Note: we could have come to the same answer using the formula M = F*d, which would have been faster.
$$M=f\cdot d\\M=7.5lb\cdot 10in(\frac{1ft}{12in})\\M=7.5lb\cdot \frac{5}{6}ft\\\\M=6.25ft\cdot lb$$
This answer is slightly more accurate, because we didn’t round when converting between inches and feet (in the original solution, we rounded 0.416667 to 0.42).
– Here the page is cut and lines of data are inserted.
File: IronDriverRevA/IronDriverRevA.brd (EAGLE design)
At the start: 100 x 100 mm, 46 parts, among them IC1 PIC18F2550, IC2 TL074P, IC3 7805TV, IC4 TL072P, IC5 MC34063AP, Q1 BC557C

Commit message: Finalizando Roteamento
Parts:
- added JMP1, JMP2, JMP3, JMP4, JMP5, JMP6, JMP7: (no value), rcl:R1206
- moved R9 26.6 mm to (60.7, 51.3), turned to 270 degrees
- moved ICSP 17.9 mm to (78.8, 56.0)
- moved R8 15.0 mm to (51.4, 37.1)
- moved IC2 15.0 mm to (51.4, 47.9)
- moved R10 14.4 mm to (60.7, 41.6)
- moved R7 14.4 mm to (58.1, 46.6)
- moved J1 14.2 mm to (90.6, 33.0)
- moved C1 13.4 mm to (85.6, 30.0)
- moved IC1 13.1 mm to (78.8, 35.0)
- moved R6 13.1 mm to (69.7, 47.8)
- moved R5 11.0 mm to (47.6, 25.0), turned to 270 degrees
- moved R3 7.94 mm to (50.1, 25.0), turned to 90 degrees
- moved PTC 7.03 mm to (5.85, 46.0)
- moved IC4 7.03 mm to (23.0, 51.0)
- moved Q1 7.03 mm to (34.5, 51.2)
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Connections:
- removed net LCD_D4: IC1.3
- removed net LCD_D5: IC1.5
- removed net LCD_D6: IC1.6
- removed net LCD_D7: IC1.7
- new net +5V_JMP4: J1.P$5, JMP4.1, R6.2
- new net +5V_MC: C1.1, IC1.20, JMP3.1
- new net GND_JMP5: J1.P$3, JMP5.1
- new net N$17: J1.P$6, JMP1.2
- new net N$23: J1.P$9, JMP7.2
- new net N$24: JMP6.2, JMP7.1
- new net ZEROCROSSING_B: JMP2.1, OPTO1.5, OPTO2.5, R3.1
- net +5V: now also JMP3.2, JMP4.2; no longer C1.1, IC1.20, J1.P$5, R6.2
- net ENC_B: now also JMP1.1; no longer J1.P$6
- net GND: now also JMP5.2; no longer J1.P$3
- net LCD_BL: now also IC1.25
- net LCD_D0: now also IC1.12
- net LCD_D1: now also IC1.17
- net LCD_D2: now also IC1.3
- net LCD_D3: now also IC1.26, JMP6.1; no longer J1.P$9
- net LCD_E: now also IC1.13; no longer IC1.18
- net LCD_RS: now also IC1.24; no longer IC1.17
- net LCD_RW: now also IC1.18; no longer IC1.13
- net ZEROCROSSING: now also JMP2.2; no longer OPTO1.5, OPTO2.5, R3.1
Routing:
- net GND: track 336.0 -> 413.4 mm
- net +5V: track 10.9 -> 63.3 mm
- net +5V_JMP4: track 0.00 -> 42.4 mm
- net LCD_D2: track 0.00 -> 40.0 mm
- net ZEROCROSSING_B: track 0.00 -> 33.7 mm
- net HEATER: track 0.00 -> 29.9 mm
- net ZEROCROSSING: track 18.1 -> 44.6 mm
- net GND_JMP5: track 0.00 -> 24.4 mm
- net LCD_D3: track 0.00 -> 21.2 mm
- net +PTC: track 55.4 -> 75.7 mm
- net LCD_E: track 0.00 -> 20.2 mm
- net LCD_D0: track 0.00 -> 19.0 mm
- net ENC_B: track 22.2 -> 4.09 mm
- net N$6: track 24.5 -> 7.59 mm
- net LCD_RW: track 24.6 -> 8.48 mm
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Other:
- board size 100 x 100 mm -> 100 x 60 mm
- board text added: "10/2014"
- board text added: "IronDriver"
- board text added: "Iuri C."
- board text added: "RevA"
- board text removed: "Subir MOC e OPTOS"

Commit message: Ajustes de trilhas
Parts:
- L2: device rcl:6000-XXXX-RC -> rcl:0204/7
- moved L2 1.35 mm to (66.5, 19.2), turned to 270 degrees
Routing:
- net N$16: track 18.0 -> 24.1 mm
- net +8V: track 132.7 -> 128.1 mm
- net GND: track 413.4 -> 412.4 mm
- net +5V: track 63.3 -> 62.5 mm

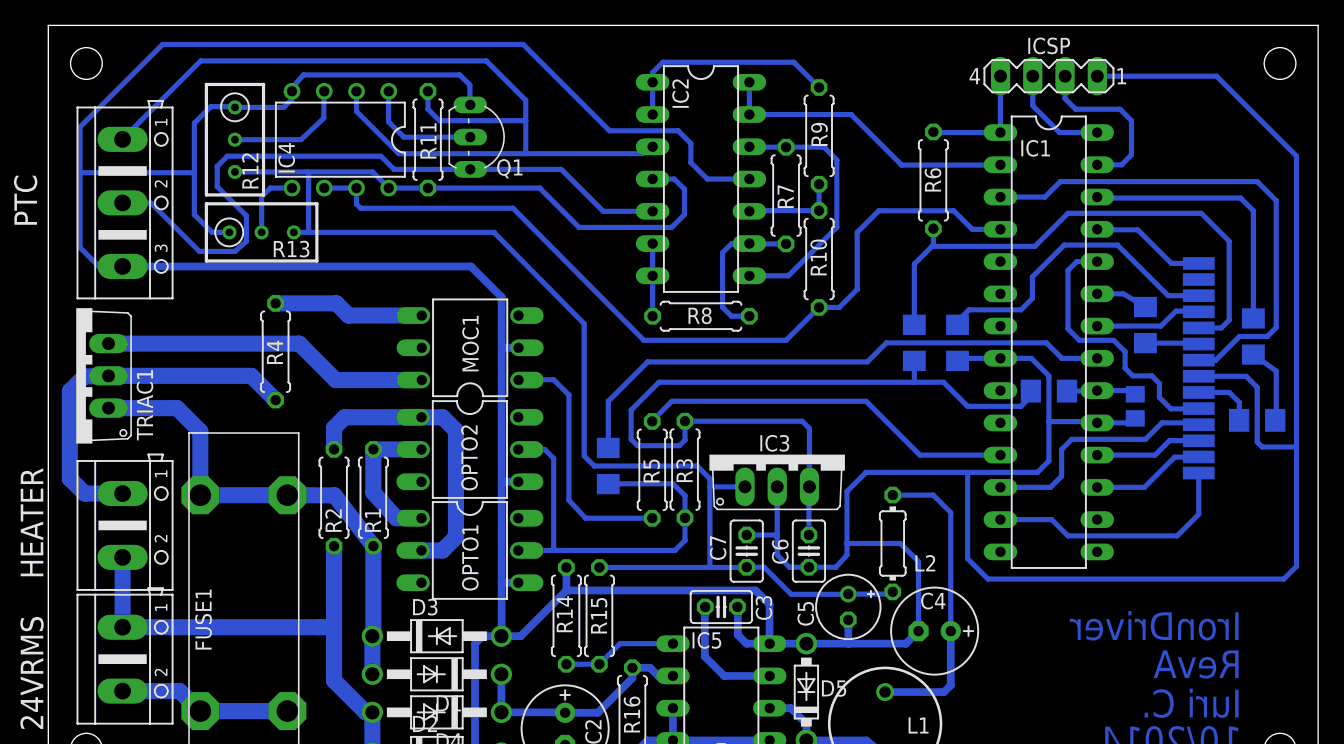
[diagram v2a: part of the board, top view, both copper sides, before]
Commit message: Alterado largura das trilhas
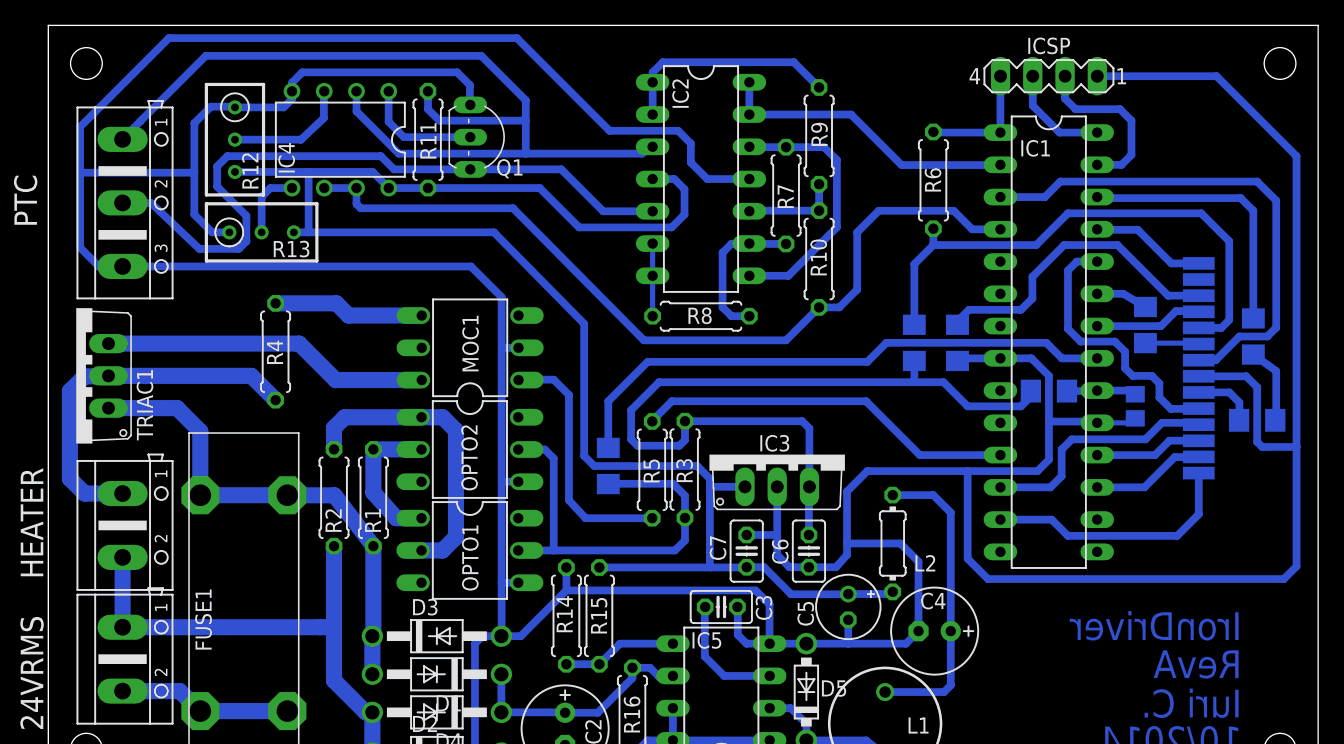
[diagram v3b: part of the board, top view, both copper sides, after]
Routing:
- net GND: track 412.4 -> 413.2 mm

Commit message: Ajustes
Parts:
- C2, C4: device rcl:E2,5-7 -> rcl:E3,5-8
- C5: device rcl:E2-5 -> rcl:E3,5-8
- moved L2 10.3 mm to (73.4, 11.6), turned to 180 degrees
- moved C4 8.79 mm to (74.7, 5.00), turned to 90 degrees
- moved C5 1.84 mm to (64.8, 13.8)
- moved D1 0.89 mm to (29.8, 8.50)
- moved D2 0.89 mm to (29.8, 2.30)
- moved D3 0.89 mm to (29.8, 11.5)
- moved D4 0.89 mm to (29.8, 5.50)
- moved C2 0.63 mm to (40.1, 4.40)
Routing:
- net GND: track 413.2 -> 421.9 mm, vias 0 -> 5
- net +8V: track 128.1 -> 133.9 mm, vias 0 -> 1
- net N$16: track 24.1 -> 20.0 mm
- net N$2: track 9.34 -> 7.94 mm, vias 0 -> 1
- net ZEROCROSSING_B: track 33.7 -> 32.4 mm
- net N$20: track 18.8 -> 20.0 mm, vias 0 -> 2
- net +PTC: track 76.1 -> 75.2 mm, vias 0 -> 1
- net LIVE: track 38.7 -> 39.5 mm
- net NEUTRAL: track 40.0 -> 40.6 mm, vias 0 -> 1
- net -PTC: track 54.9 -> 55.5 mm
- net N$5: vias 0 -> 1
- net N$4: vias 0 -> 1
- net N$15: vias 0 -> 1
- net N$13: vias 0 -> 1
- net +5V: vias 0 -> 1

Example 3.6.3: Distributed Load, Submitted by Luciana Davila
1. Problem
A shelf on the wall is 1.5 meters away from the floor. The shelf has a length of 100 cm. A person starts putting different objects on it to create a distributed load. The load created a curve described by:
w = 4x4 +2 N/m.
Calculate the resultant force and how far it is acting from the wall.
2. Draw
Sketch:
Free-body diagram:
3. Knowns and Unknowns
Knowns:
- w = 4x4 + 2 N/m
- L = 100 cm
- xmin = 0
- xmax = 1
Unknowns:
- xr
- Fr
4. Approach
Use distributed load equations:
$$F_r=\int^{xmax}_{xmin} wdx\\X_r=\frac{\int^{xmax}_{xmin} x*w(x)*dx}{\int^{xmax}_{xmin}wdx}$$
5. Analysis
Solve for Fr:
$$ F_r=\int^1_0 (4x^4+2)dx\;\; N\\F_r=(\frac{4x^5}{5}+2x)\vert^1_0\;\;N\\F_r=(\frac{4}{5}+2)N\\F_r=2.8N$$
Solve for xr:
$$X_r=\frac{(\int^1_0x(4x^4+2)dx)N/m}{\int^1_0(4x^4+2)dx)N}\\X_r=\frac{\int^1_0(4x^5+2x)dxN/m}{2.8N}\\X_r=\frac{(\frac{4x^6}{6}+\frac{2x^2}{2})\vert^1_0N/m}{2.8N}\\X_r=\frac{(\frac{2}{3}+1)N/m}{2.8N}\\X_r=0.59m$$
6. Review
The function shows an increasing curve on the interval, so it makes sense that the resultant force would be applied closer to the right end of the beam than the left end.